Q: Where did you shoot?
A: The thing that was unbelievably awesome was that we shot all in Los Angeles. It helped from our actors’ standpoint. To a lot of our actors who are L.A. based and have strong family commitments, the idea of them not having to travel a lot (was very attractive). It really was about making sure we made life comfortable and easy for bringing in Sigourney Weaver and Victor Garber. But for everybody else it was great to stay home for the summer. Our crew could go home at night and see their families. We were able to shoot all over — from Pasadena to Malibu — and that was just a real rare treat for all of us.
Q: What sort of budget did you have?
A: Very small. We were under $20 million on this and it was “use every penny that you can” and “call in every favor that you can.” I have to say our department heads just made magic happen because every time you’re working in that sort of $19 million budget range there are things on the page that in your mind would work great in the $40 million budget range. When you take half that away, you start thinking what are your compromises? And my crew just never allowed it to feel like a compromise.

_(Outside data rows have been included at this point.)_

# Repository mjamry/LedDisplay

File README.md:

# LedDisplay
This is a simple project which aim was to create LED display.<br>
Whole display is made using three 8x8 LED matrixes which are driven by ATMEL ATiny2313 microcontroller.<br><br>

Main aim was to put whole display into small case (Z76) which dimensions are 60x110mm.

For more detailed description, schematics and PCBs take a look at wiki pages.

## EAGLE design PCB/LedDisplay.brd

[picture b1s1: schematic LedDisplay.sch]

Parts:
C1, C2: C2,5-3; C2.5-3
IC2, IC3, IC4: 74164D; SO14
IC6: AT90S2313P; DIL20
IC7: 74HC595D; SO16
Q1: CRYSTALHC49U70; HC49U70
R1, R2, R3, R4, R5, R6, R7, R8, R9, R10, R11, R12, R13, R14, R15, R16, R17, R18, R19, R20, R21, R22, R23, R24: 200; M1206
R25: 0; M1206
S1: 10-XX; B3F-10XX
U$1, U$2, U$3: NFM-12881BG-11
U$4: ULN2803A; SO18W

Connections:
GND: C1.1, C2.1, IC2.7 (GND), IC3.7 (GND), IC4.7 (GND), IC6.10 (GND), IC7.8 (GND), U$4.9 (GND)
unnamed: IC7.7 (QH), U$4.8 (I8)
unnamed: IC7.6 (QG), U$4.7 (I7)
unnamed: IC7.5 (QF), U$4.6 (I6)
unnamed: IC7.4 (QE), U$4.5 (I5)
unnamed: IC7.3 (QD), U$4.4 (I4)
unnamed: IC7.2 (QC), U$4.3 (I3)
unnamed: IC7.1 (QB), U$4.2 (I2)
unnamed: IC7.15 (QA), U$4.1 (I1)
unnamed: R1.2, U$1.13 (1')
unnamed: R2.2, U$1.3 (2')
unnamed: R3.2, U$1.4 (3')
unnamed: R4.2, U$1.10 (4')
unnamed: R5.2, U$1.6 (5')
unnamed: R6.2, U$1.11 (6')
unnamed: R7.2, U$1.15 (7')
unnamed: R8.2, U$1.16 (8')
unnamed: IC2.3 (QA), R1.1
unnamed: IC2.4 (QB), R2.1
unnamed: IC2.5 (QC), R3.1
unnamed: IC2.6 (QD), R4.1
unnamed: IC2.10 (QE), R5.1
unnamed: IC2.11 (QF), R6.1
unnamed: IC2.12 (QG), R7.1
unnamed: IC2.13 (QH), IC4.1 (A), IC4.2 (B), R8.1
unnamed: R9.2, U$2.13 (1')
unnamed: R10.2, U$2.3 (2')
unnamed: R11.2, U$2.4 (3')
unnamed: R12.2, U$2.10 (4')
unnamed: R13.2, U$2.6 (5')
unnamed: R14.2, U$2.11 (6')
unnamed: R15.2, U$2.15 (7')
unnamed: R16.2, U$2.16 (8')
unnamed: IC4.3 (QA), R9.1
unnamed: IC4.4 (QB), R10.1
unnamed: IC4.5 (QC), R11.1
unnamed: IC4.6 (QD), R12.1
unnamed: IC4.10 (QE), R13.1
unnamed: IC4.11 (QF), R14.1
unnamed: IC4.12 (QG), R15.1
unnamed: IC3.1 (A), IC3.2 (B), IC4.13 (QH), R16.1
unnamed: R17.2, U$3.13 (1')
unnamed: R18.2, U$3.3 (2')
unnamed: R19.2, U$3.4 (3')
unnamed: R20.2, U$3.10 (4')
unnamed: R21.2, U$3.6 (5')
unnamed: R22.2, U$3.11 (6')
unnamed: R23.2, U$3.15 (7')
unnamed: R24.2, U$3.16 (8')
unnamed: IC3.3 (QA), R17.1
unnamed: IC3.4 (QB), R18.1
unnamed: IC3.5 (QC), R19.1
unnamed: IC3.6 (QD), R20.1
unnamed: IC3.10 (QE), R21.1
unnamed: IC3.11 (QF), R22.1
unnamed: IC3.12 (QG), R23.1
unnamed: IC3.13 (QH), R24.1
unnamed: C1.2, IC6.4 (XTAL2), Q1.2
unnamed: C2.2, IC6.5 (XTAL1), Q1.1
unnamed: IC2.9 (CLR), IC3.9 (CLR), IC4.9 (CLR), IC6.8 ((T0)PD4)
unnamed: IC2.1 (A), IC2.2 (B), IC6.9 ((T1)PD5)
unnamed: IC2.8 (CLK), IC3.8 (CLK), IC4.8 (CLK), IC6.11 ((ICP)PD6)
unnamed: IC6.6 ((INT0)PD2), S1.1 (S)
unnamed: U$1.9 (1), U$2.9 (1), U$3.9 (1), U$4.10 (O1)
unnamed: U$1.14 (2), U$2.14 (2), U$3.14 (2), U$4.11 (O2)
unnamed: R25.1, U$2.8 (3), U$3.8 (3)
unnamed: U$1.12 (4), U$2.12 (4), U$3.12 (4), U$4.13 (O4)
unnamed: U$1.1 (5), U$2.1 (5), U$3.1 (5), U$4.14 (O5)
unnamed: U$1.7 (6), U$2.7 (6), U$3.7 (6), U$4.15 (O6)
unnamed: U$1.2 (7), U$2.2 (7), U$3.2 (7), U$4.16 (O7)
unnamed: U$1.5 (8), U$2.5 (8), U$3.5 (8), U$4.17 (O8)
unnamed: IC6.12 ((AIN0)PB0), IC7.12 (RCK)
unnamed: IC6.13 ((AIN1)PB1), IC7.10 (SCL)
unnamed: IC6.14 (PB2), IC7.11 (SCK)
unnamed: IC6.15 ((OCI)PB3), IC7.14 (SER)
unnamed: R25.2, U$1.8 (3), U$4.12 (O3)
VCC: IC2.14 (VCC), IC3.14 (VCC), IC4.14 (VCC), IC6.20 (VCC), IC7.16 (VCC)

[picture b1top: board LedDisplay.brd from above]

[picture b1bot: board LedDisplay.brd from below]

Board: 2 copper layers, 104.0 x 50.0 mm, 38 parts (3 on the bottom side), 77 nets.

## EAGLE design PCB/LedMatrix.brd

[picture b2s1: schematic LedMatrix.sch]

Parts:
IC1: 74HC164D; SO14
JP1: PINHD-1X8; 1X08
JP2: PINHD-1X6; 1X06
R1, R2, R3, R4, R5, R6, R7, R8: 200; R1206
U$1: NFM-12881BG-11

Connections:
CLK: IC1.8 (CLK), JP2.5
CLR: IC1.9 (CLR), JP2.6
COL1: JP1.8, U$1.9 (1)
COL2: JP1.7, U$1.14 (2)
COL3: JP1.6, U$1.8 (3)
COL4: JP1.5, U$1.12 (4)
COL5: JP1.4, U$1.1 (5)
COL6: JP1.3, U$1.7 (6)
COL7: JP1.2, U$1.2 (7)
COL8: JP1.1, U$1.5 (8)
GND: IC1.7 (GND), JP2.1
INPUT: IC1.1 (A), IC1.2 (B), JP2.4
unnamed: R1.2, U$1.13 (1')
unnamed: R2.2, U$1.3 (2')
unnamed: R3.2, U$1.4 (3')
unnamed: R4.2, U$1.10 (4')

So if we needed to have 400 extras and big production value, by hook or by crook, one way or another the team ended up presenting options to me that did exactly what we needed to do. We had Mario Iscovich, who had also been my producer on “Race to Witch Mountain,” and I just don’t think there’s anyone better in the business when it comes to taking a budget and finding a way to maximize it at every angle and make you feel as the director you're getting creatively what you need that day to satisfy the material.
Q: We always hear about the tax advantages of shooting in Vancouver or Louisiana or somewhere other than L.A.
A: We got lucky because we were a recipient of the California tax credit and that helped us tremendously and we found a lot of people in Los Angeles in this economy were very open and wanting to work with us and keep the film here. I would hope after that experience that California continues and Los Angeles continues going out of its way to keep production here locally.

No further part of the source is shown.